/Project-2

Primary LanguageJupyter Notebook

Project 2 ETL

Group Members:

  • Jeff Brown
  • Brittanie Fraser
  • Andreas Heger
  • Xilonem Montoya
  • Vandan Patel

Data Sources:

1) https://www.kaggle.com/datasets/shivamb/netflix-shows
2) https://www.kaggle.com/datasets/ramjasmaurya/top-250s-in-imdb

Proposal

We will analyz data from Netflix streaming services and IMDB data set. We will join the data set by the title, Movie Rating, votes, date added, and rating. Lastly, we will analyze and complete the extract, transform and load (ETL) process on the data set.

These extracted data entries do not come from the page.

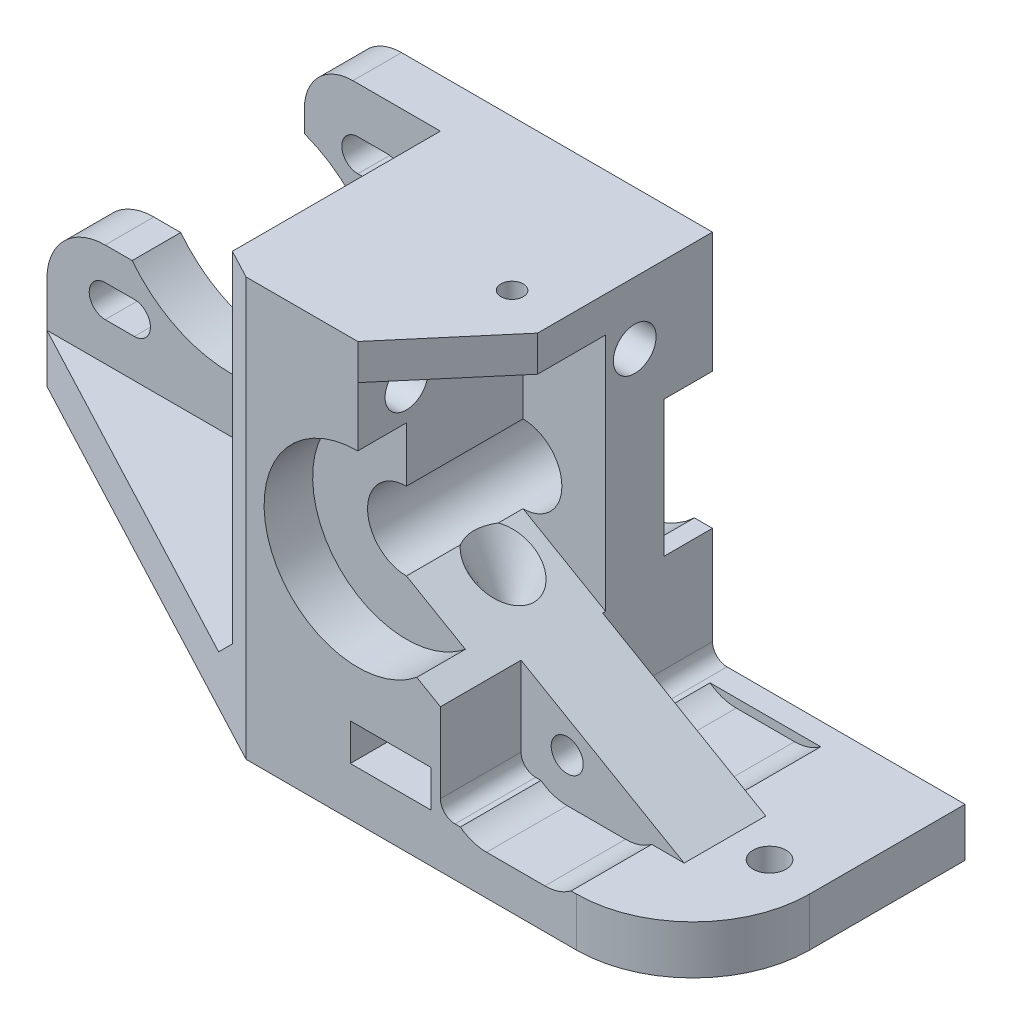
from build123d import *

# Parameters (mm, degrees)
SKETCH1_R                = 4
BOSS_EXTRUDE1_DEPTH      = 28
SKETCH2_W                = 40.5
SKETCH2_H                = 38
CUT_EXTRUDE1_DEPTH       = 23
SKETCH3_R                = 9.65
CUT_EXTRUDE2_DEPTH       = 5
SKETCH8_R                = 1.15
CUT_EXTRUDE7_DEPTH       = 76.219678276
CHAMFER1_SIZE            = 23
CHAMFER1_SIZE2           = 43.5
SKETCH9_R                = 2.2
CUT_EXTRUDE8_DEPTH       = 97.701654612
CUT_EXTRUDE9_DEPTH       = 3
CUT_EXTRUDE9_DEPTH_BACK  = 4
CHAMFER2_SIZE            = 3
SKETCH16_W               = 26
SKETCH16_H               = 38
CUT_EXTRUDE12_DEPTH      = 67.075411541
CUT_EXTRUDE3_START       = -5
CUT_EXTRUDE3_DEPTH       = 5
FILLET6_R                = 1.5
CUT_EXTRUDE13_START      = -17
CUT_EXTRUDE13_DEPTH      = 17
BOSS_EXTRUDE3_DEPTH      = 4.2
BOSS_EXTRUDE3_DEPTH_BACK = 4.2
SKETCH21_R               = 1.65
SKETCH15_R               = 1.7
CUT_EXTRUDE11_DEPTH      = 76.219678276
CUT_EXTRUDE14_DEPTH      = 9
CHAMFER4_SIZE            = 8.5
CHAMFER4_SIZE2           = 10
FILLET1_R                = 5
FILLET2_R                = 6
FILLET4_R                = 12
CUT_EXTRUDE15_DEPTH      = 3.8
CUT_EXTRUDE18_REACH      = 77.22
SKETCH26_R               = 3.15


with BuildPart() as part:
    # Sketch1 → Boss-Extrude1 (new body)
    with BuildSketch(Plane.XY):
        with BuildLine():
            Line((-55, -23.6), (34.5, -23.6))
            Line((34.5, -23.6), (34.5, 19.4))
            Line((34.5, 19.4), (-28.5, 19.4))
            Line((-28.5, 19.4), (-28.5, 12.180409823))
            ThreePointArc((-28.5, 12.180409823), (-20.217668105, -2.285689125), (-33, -12.985083113))
            Line((-33, -12.985083113), (-36, -12.985083113))
            ThreePointArc((-36, -12.985083113), (-41.689100041, -11.672468641), (-46.228019527, -8))
            Line((-46.228019527, -8), (-55, -8))
            Line((-55, -8), (-55, -23.6))
        make_face()
        Circle(SKETCH1_R, mode=Mode.SUBTRACT)
        with BuildLine():
            Line((-23, 11.35), (-20, 11.35))
            ThreePointArc((-20, 11.35), (-18.35, 13), (-20, 14.65))
            Line((-20, 14.65), (-23, 14.65))
            ThreePointArc((-23, 14.65), (-24.65, 13), (-23, 11.35))
        make_face(mode=Mode.SUBTRACT)
        with BuildLine():
            Line((-23, -14.65), (-20, -14.65))
            ThreePointArc((-20, -14.65), (-18.35, -13), (-20, -11.35))
            Line((-20, -11.35), (-23, -11.35))
            ThreePointArc((-23, -11.35), (-24.65, -13), (-23, -14.65))
        make_face(mode=Mode.SUBTRACT)
        with BuildLine():
            Line((-46, -11.35), (-49, -11.35))
            ThreePointArc((-49, -11.35), (-50.65, -13), (-49, -14.65))
            Line((-49, -14.65), (-46, -14.65))
            ThreePointArc((-46, -14.65), (-44.35, -13), (-46, -11.35))
        make_face(mode=Mode.SUBTRACT)
    extrude(amount=BOSS_EXTRUDE1_DEPTH)

    # Sketch2 → Cut-Extrude1 (cut)
    with BuildSketch(Plane.XY.offset(28)):
        with Locations((-34.75, 0.4)):
            Rectangle(SKETCH2_W, SKETCH2_H)
    extrude(amount=-CUT_EXTRUDE1_DEPTH, mode=Mode.SUBTRACT)

    # Sketch3 → Cut-Extrude2 (cut)
    with BuildSketch(Plane.XY.offset(28)):
        Circle(SKETCH3_R)
    extrude(amount=-CUT_EXTRUDE2_DEPTH, mode=Mode.SUBTRACT)

    # Sketch8 → Cut-Extrude7 (cut, through all)
    with BuildSketch(Plane.XZ.offset(23.6)):
        with Locations(Location((3.375, 15.5, 0), (0, 0, 270))):
            Circle(SKETCH8_R)
    extrude(amount=-CUT_EXTRUDE7_DEPTH, mode=Mode.SUBTRACT)

    # Chamfer1
    chamfer1_edges = [part.edges().sort_by_distance(p)[0] for p in [
        (-55, -21.1, 28),
    ]]
    chamfer1_side = [part.faces().sort_by_distance(p)[0] for p in [
        (-55, -18.958031088, 10.841968912),
    ]]
    chamfer(chamfer1_edges, length=CHAMFER1_SIZE, length2=CHAMFER1_SIZE2, reference=chamfer1_side[0])

    # Sketch9 → Cut-Extrude8 (cut, through all)
    with BuildSketch(Plane(origin=(34.5, 0, 0), x_dir=(0, 0, -1), z_dir=(1, 0, 0))):
        with Locations((-8, 13)):
            Circle(SKETCH9_R)
        with Locations((-23, 13)):
            Circle(SKETCH9_R)
    extrude(amount=-CUT_EXTRUDE8_DEPTH, mode=Mode.SUBTRACT)

    # Sketch10 → Cut-Extrude9 (cut, two sides: drawn at the far end of the back side and taken through both)
    with BuildSketch(Plane.ZY.offset(14.5).offset(-CUT_EXTRUDE9_DEPTH_BACK)):
        Polygon((5.1, 14.674315781), (5.1, 11.325684219), (8, 9.651368439), (10.9, 11.325684219), (10.9, 14.674315781), (8, 16.348631561), align=None)
        Polygon((25.9, 11.325684219), (25.9, 14.674315781), (23, 16.348631561), (20.1, 14.674315781), (20.1, 11.325684219), (23, 9.651368439), align=None)
    extrude(amount=CUT_EXTRUDE9_DEPTH + CUT_EXTRUDE9_DEPTH_BACK, mode=Mode.SUBTRACT)

    # Chamfer2
    chamfer2_edges = [part.edges().sort_by_distance(p)[0] for p in [
        (-14.5, -18.6, 15.706896552),
    ]]
    chamfer(chamfer2_edges, length=CHAMFER2_SIZE)

    # Sketch16 → Cut-Extrude12 (cut, through all)
    with BuildSketch(Plane.XY.offset(28)):
        with Locations((21.5, 0.4)):
            Rectangle(SKETCH16_W, SKETCH16_H)
    extrude(amount=-CUT_EXTRUDE12_DEPTH, mode=Mode.SUBTRACT)

    # Sketch4 → Cut-Extrude3 (cut)
    with BuildSketch(Plane(origin=(0, 0, 0), x_dir=(-1, 0, 0), z_dir=(0, 0, -1)).offset(CUT_EXTRUDE3_START)):
        with BuildLine():
            Line((-36.31147183, -7), (-6.642476948, -7))
            ThreePointArc((-6.642476948, -7), (9.65, 0), (-6.642476948, 7))
            Line((-6.642476948, 7), (-36.31147183, 7))
            Line((-36.31147183, 7), (-36.31147183, -7))
        make_face()
    extrude(amount=CUT_EXTRUDE3_DEPTH, mode=Mode.SUBTRACT)

    # Fillet6
    fillet6_edges = [part.edges().sort_by_distance(p)[0] for p in [
        (8.5, -18.6, 14),
    ]]
    fillet(fillet6_edges, radius=FILLET6_R)

    # Sketch17 → Cut-Extrude13 (cut)
    with BuildSketch(Plane.XY.offset(28).offset(CUT_EXTRUDE13_START)):
        with BuildLine():
            Line((0, 4), (0, 15.733500455))
            Line((0, 15.733500455), (8.5, 15.733500455))
            Line((8.5, 15.733500455), (8.5, -8.907477288))
            Line((8.5, -8.907477288), (0, -4))
            ThreePointArc((0, -4), (4, 0), (0, 4))
        make_face()
    extrude(amount=CUT_EXTRUDE13_DEPTH, mode=Mode.SUBTRACT)

    # Sketch20 → Cut-Revolve1 (revolve, cut)
    with BuildSketch(Plane.XY.offset(15.5), mode=Mode.PRIVATE) as cut_revolve1_sk:
        Polygon((3.375, -11.8), (7.375, -3.8), (3.375, -3.8), align=None)
    revolve(cut_revolve1_sk.sketch.rotate(Axis((3.375, -3.8, 15.5), (0, -1, 0)), 270), axis=Axis((3.375, -3.8, 15.5), (0, -1, 0)), mode=Mode.SUBTRACT)

    # Sketch21 → Boss-Extrude3 (add, two sides: drawn at the far end of the back side and taken through both)
    with BuildSketch(Plane.XY.offset(15.5).offset(-BOSS_EXTRUDE3_DEPTH_BACK)):
        Polygon((7.25, -8.185789452), (7.25, -18.6), (25.287941791, -18.6), align=None)
        with Locations((13.25, -15)):
            Circle(SKETCH21_R, mode=Mode.SUBTRACT)
    extrude(amount=BOSS_EXTRUDE3_DEPTH + BOSS_EXTRUDE3_DEPTH_BACK)

    # Sketch15 → Cut-Extrude11 (cut, through all)
    with BuildSketch(Plane.XZ.offset(23.6)):
        with Locations(Location((-20.625, 15, 0), (0, 0, 270))):
            Circle(SKETCH15_R)
        with Locations(Location((29.375, 15, 0), (0, 0, 270))):
            Circle(SKETCH15_R)
    extrude(amount=-CUT_EXTRUDE11_DEPTH, mode=Mode.SUBTRACT)

    # Sketch22 → Cut-Extrude14 (cut)
    with BuildSketch(Plane.XY.offset(19.7)):
        with BuildLine():
            Line((13.25, -19.5), (19.25, -19.5))
            ThreePointArc((19.25, -19.5), (23.75, -15), (19.25, -10.5))
            Line((19.25, -10.5), (13.25, -10.5))
            ThreePointArc((13.25, -10.5), (8.75, -15), (13.25, -19.5))
        make_face()
    cut_extrude14 = extrude(amount=CUT_EXTRUDE14_DEPTH, mode=Mode.SUBTRACT)

    # Mirror1: Cut-Extrude14 across plane
    add(cut_extrude14.mirror(Plane.XY.offset(15.5)), mode=Mode.SUBTRACT)

    # Chamfer4
    chamfer4_edges = [part.edges().sort_by_distance(p)[0] for p in [
        (8.5, 17.566750228, 28),
    ]]
    chamfer4_side = [part.faces().sort_by_distance(p)[0] for p in [
        (7.87031754, -13.003738644, 28),
    ]]
    chamfer(chamfer4_edges, length=CHAMFER4_SIZE, length2=CHAMFER4_SIZE2, reference=chamfer4_side[0])

    # Fillet1
    fillet1_edges = [part.edges().sort_by_distance(p)[0] for p in [
        (-28.5, 19.4, 2.5),
    ]]
    fillet(fillet1_edges, radius=FILLET1_R)

    # Fillet2
    fillet2_edges = [part.edges().sort_by_distance(p)[0] for p in [
        (-55, -8, 2.5),
    ]]
    fillet(fillet2_edges, radius=FILLET2_R)

    # Fillet4
    fillet4_edges = [part.edges().sort_by_distance(p)[0] for p in [
        (34.5, -21.1, 28),
    ]]
    fillet(fillet4_edges, radius=FILLET4_R)

    # Sketch23 → Cut-Extrude15 (cut)
    with BuildSketch(Plane.XZ.offset(18.6)):
        Polygon((-0.775, 28.722034997), (7.525, 28.722034997), (7.525, 13.103996383), (3.375, 10.707992766), (-0.775, 13.103996383), align=None)
    extrude(amount=-CUT_EXTRUDE15_DEPTH, mode=Mode.SUBTRACT)

    # Sketch26 → Cut-Extrude18 (cut, up to next)
    with BuildSketch(Plane.XZ.offset(23.6), mode=Mode.PRIVATE) as cut_extrude18_sk1:
        with Locations(Location((3.375, 15.5, 0), (0, 0, 270))):
            Circle(SKETCH26_R)
    cut_extrude18_tool1 = extrude(cut_extrude18_sk1.sketch, amount=-CUT_EXTRUDE18_REACH, mode=Mode.PRIVATE) & part.part
    add(cut_extrude18_tool1.solids().sort_by_distance((3.375, -23.6, 15.5))[0], mode=Mode.SUBTRACT)


solid = part.part

Extract: Extracting Disney+ and Netflix CSV file from data from Kaggle.com

Transform: Cleaning data, filtering, joining, aggregating

Load: PgAdmin

Responsibilities:

  • Extract, data discovery: All team
  • Transform, Pandas: Andreas + team
  • Load, PostgreSQL: Jeff + team
  • Data Mapping: Brittanie + Xilonem
  • Git Hub repository set up & maintenance: Brittanie

ETL Process:

  • Extract: indicates the original data sources and how the data were formatted at a professional level

We imported each CSV file into pandas as a DataFrame. Then, within pandas, the "title" column was aggregated into upper case format, and the "rating" column was formatted to lower case in the final DataFrame.

  • Transform: explains what data clearing or transformation was required at a professional level.

As a team, we removed data that we felt were unnecessary to the data set. In cleaning the data set, we identified multiple columns that can be deleted. Once the data was removed, we began to merge each table. Ultimately we joined all two tables into one. Once all the tables were integrated into a final DataFrame, a Postgres connection was created and added to PgAdmin.

  • Load: explains the final database, tables/collections, and why the topic was chosen at a professional level

The Netflix DataFrame was created with the following columns: title, date_added, and rating. In addition, the IMDB DataFrame contained the Movie Name, Movie Rating, and Votes columns. Our final table had both Netflix and IMBD and included the following columns: title, Movie Rating, votes, date_added, and rating. We actively chose this topic as we felt finding movie datasets would be readily available.